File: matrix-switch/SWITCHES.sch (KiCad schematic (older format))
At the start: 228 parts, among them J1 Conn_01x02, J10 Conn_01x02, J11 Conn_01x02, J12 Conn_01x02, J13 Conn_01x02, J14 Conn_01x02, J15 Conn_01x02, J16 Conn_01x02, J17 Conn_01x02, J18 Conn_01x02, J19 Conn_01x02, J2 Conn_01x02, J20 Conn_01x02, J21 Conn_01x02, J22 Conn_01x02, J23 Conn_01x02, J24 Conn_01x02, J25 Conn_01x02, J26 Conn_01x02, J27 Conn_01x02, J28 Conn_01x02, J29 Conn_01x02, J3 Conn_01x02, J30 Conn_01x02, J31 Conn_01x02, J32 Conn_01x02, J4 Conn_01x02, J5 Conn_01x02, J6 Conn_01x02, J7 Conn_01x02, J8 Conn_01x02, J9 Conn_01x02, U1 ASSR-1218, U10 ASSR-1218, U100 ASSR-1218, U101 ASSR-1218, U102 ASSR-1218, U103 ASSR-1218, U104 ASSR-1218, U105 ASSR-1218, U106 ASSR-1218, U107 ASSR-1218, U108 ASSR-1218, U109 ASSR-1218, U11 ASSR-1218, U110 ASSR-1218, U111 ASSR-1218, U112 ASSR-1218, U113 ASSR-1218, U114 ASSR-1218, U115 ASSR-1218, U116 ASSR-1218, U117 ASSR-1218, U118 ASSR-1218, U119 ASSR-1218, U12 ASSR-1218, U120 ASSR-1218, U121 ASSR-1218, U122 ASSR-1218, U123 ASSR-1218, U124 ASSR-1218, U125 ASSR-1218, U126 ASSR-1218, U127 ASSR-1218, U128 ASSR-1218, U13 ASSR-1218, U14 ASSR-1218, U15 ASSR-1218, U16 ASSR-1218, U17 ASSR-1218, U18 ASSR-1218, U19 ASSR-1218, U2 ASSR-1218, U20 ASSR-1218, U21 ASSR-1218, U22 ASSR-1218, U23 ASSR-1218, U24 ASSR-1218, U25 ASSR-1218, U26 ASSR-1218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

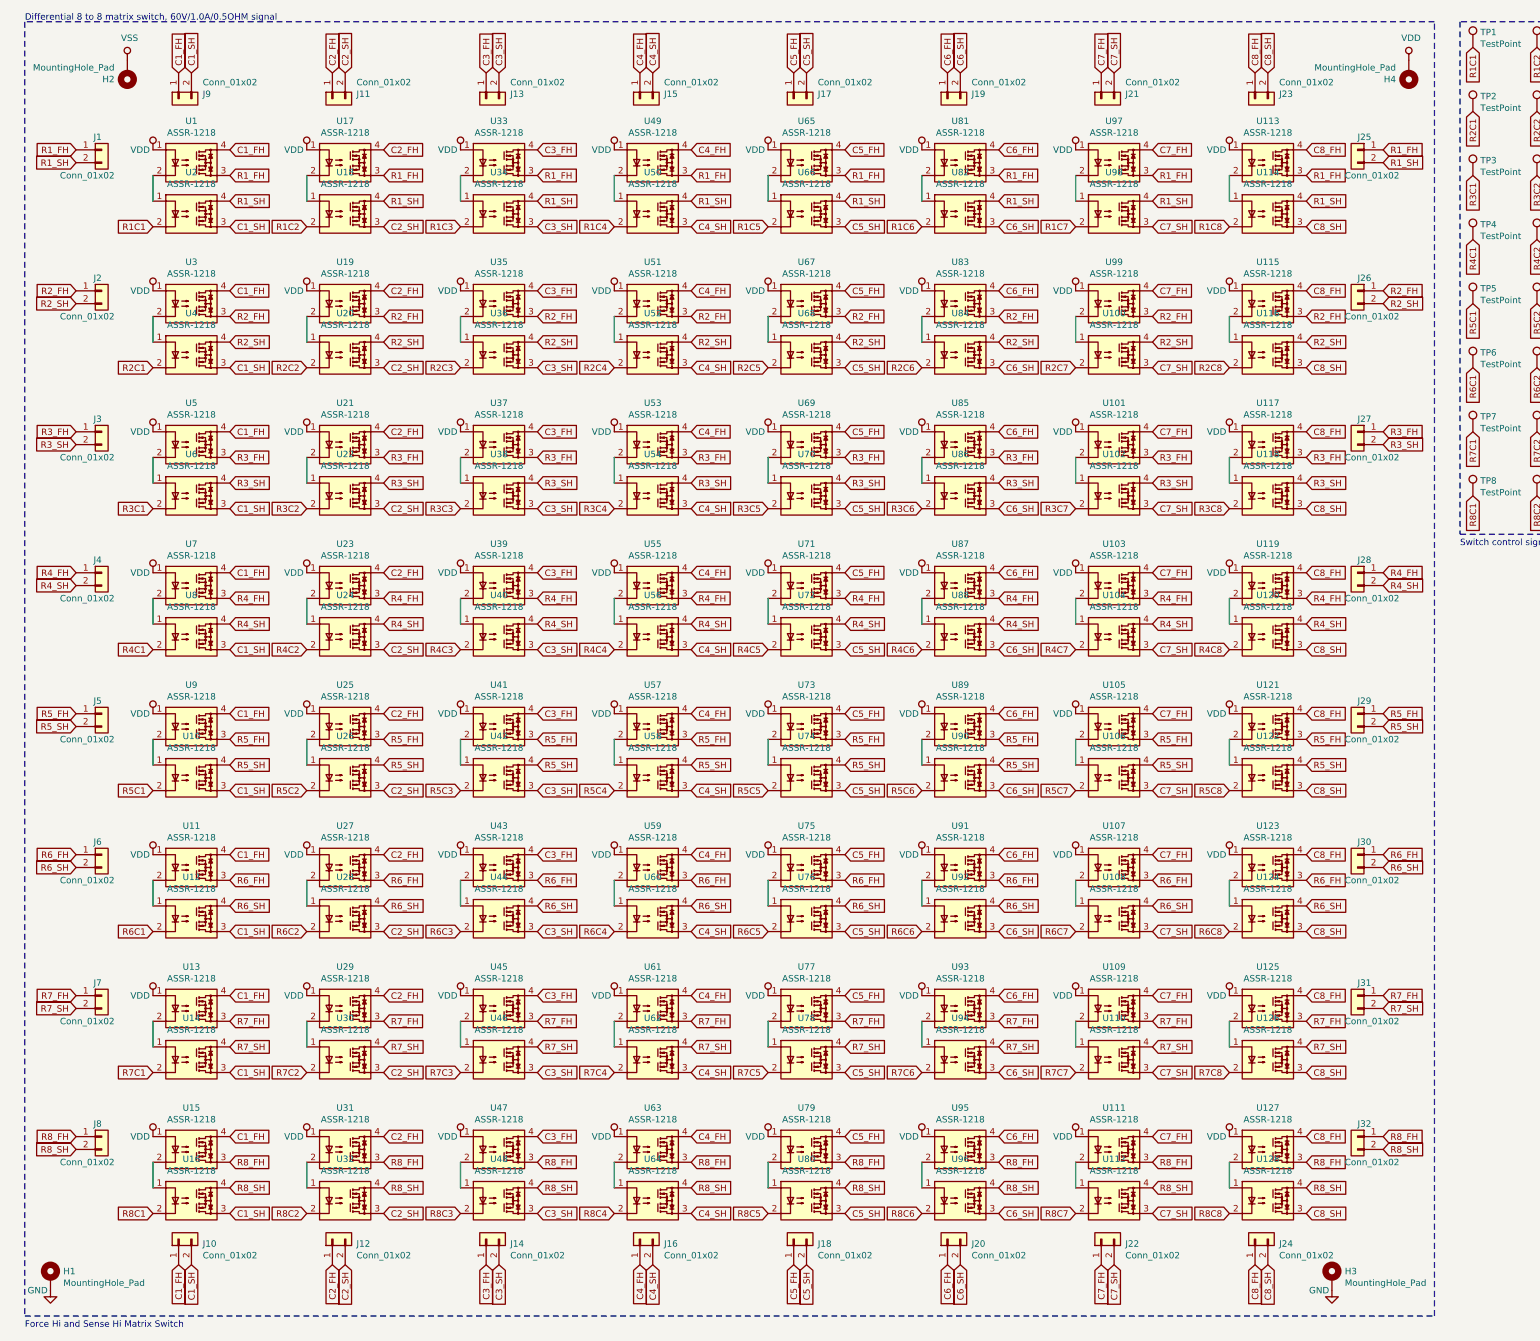
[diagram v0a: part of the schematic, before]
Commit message: wip on matrix switch card edge adapter board
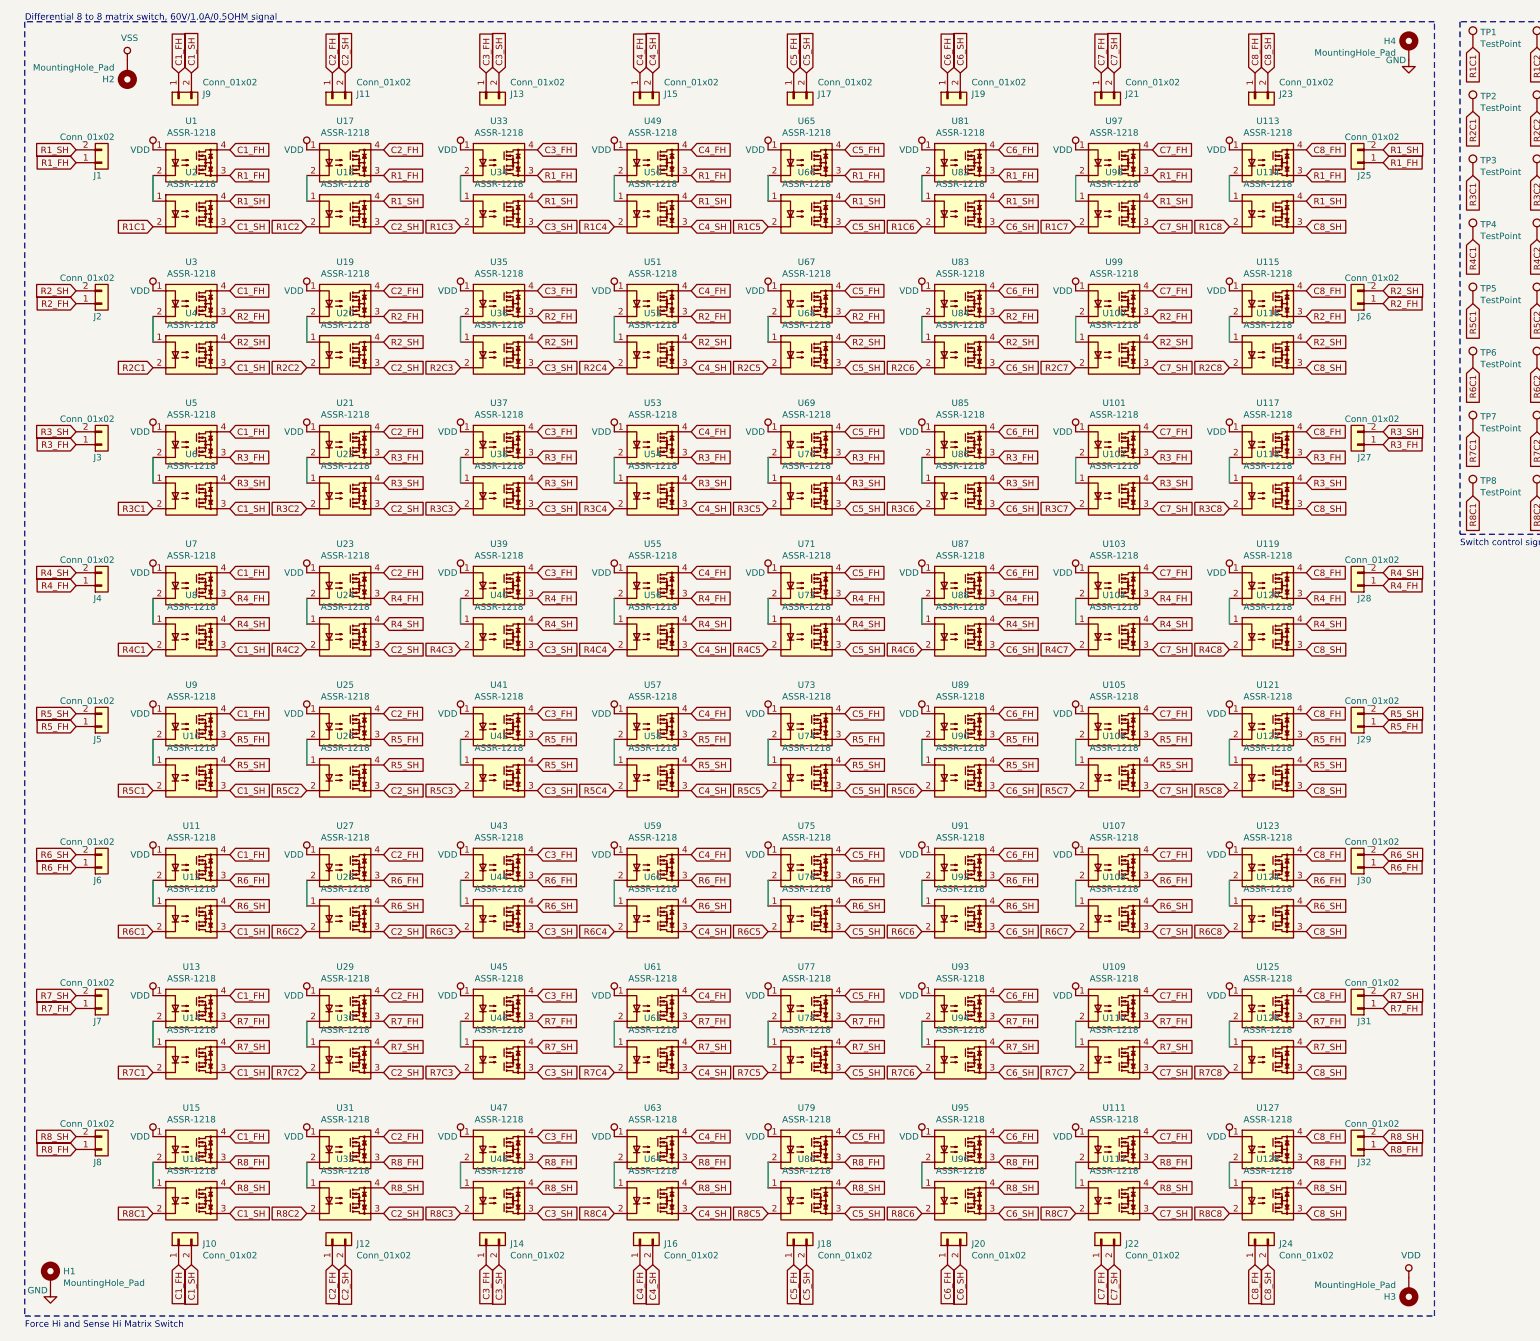
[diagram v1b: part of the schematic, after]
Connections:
- net GND: now also H4.1; no longer H3.1
- net VDD: now also H3.1; no longer H4.1
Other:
- moved on the sheet: H3, H4

▶ **Brief**
Where pictures appear, skip them and transcribe all other material word for word.

▶ **Answer box**
File: matrix-switch/SWITCHES.sch (KiCad schematic (older format))
At the start: 228 parts, among them J1 Conn_01x02, J10 Conn_01x02, J11 Conn_01x02, J12 Conn_01x02, J13 Conn_01x02, J14 Conn_01x02, J15 Conn_01x02, J16 Conn_01x02, J17 Conn_01x02, J18 Conn_01x02, J19 Conn_01x02, J2 Conn_01x02, J20 Conn_01x02, J21 Conn_01x02, J22 Conn_01x02, J23 Conn_01x02, J24 Conn_01x02, J25 Conn_01x02, J26 Conn_01x02, J27 Conn_01x02, J28 Conn_01x02, J29 Conn_01x02, J3 Conn_01x02, J30 Conn_01x02, J31 Conn_01x02, J32 Conn_01x02, J4 Conn_01x02, J5 Conn_01x02, J6 Conn_01x02, J7 Conn_01x02, J8 Conn_01x02, J9 Conn_01x02, U1 ASSR-1218, U10 ASSR-1218, U100 ASSR-1218, U101 ASSR-1218, U102 ASSR-1218, U103 ASSR-1218, U104 ASSR-1218, U105 ASSR-1218, U106 ASSR-1218, U107 ASSR-1218, U108 ASSR-1218, U109 ASSR-1218, U11 ASSR-1218, U110 ASSR-1218, U111 ASSR-1218, U112 ASSR-1218, U113 ASSR-1218, U114 ASSR-1218, U115 ASSR-1218, U116 ASSR-1218, U117 ASSR-1218, U118 ASSR-1218, U119 ASSR-1218, U12 ASSR-1218, U120 ASSR-1218, U121 ASSR-1218, U122 ASSR-1218, U123 ASSR-1218, U124 ASSR-1218, U125 ASSR-1218, U126 ASSR-1218, U127 ASSR-1218, U128 ASSR-1218, U13 ASSR-1218, U14 ASSR-1218, U15 ASSR-1218, U16 ASSR-1218, U17 ASSR-1218, U18 ASSR-1218, U19 ASSR-1218, U2 ASSR-1218, U20 ASSR-1218, U21 ASSR-1218, U22 ASSR-1218, U23 ASSR-1218, U24 ASSR-1218, U25 ASSR-1218, U26 ASSR-1218

[diagram v0a: part of the schematic, before]
Commit message: wip on matrix switch card edge adapter board
[diagram v1b: part of the schematic, after]
Connections:
- net GND: now also H4.1; no longer H3.1
- net VDD: now also H3.1; no longer H4.1
Other:
- moved on the sheet: H3, H4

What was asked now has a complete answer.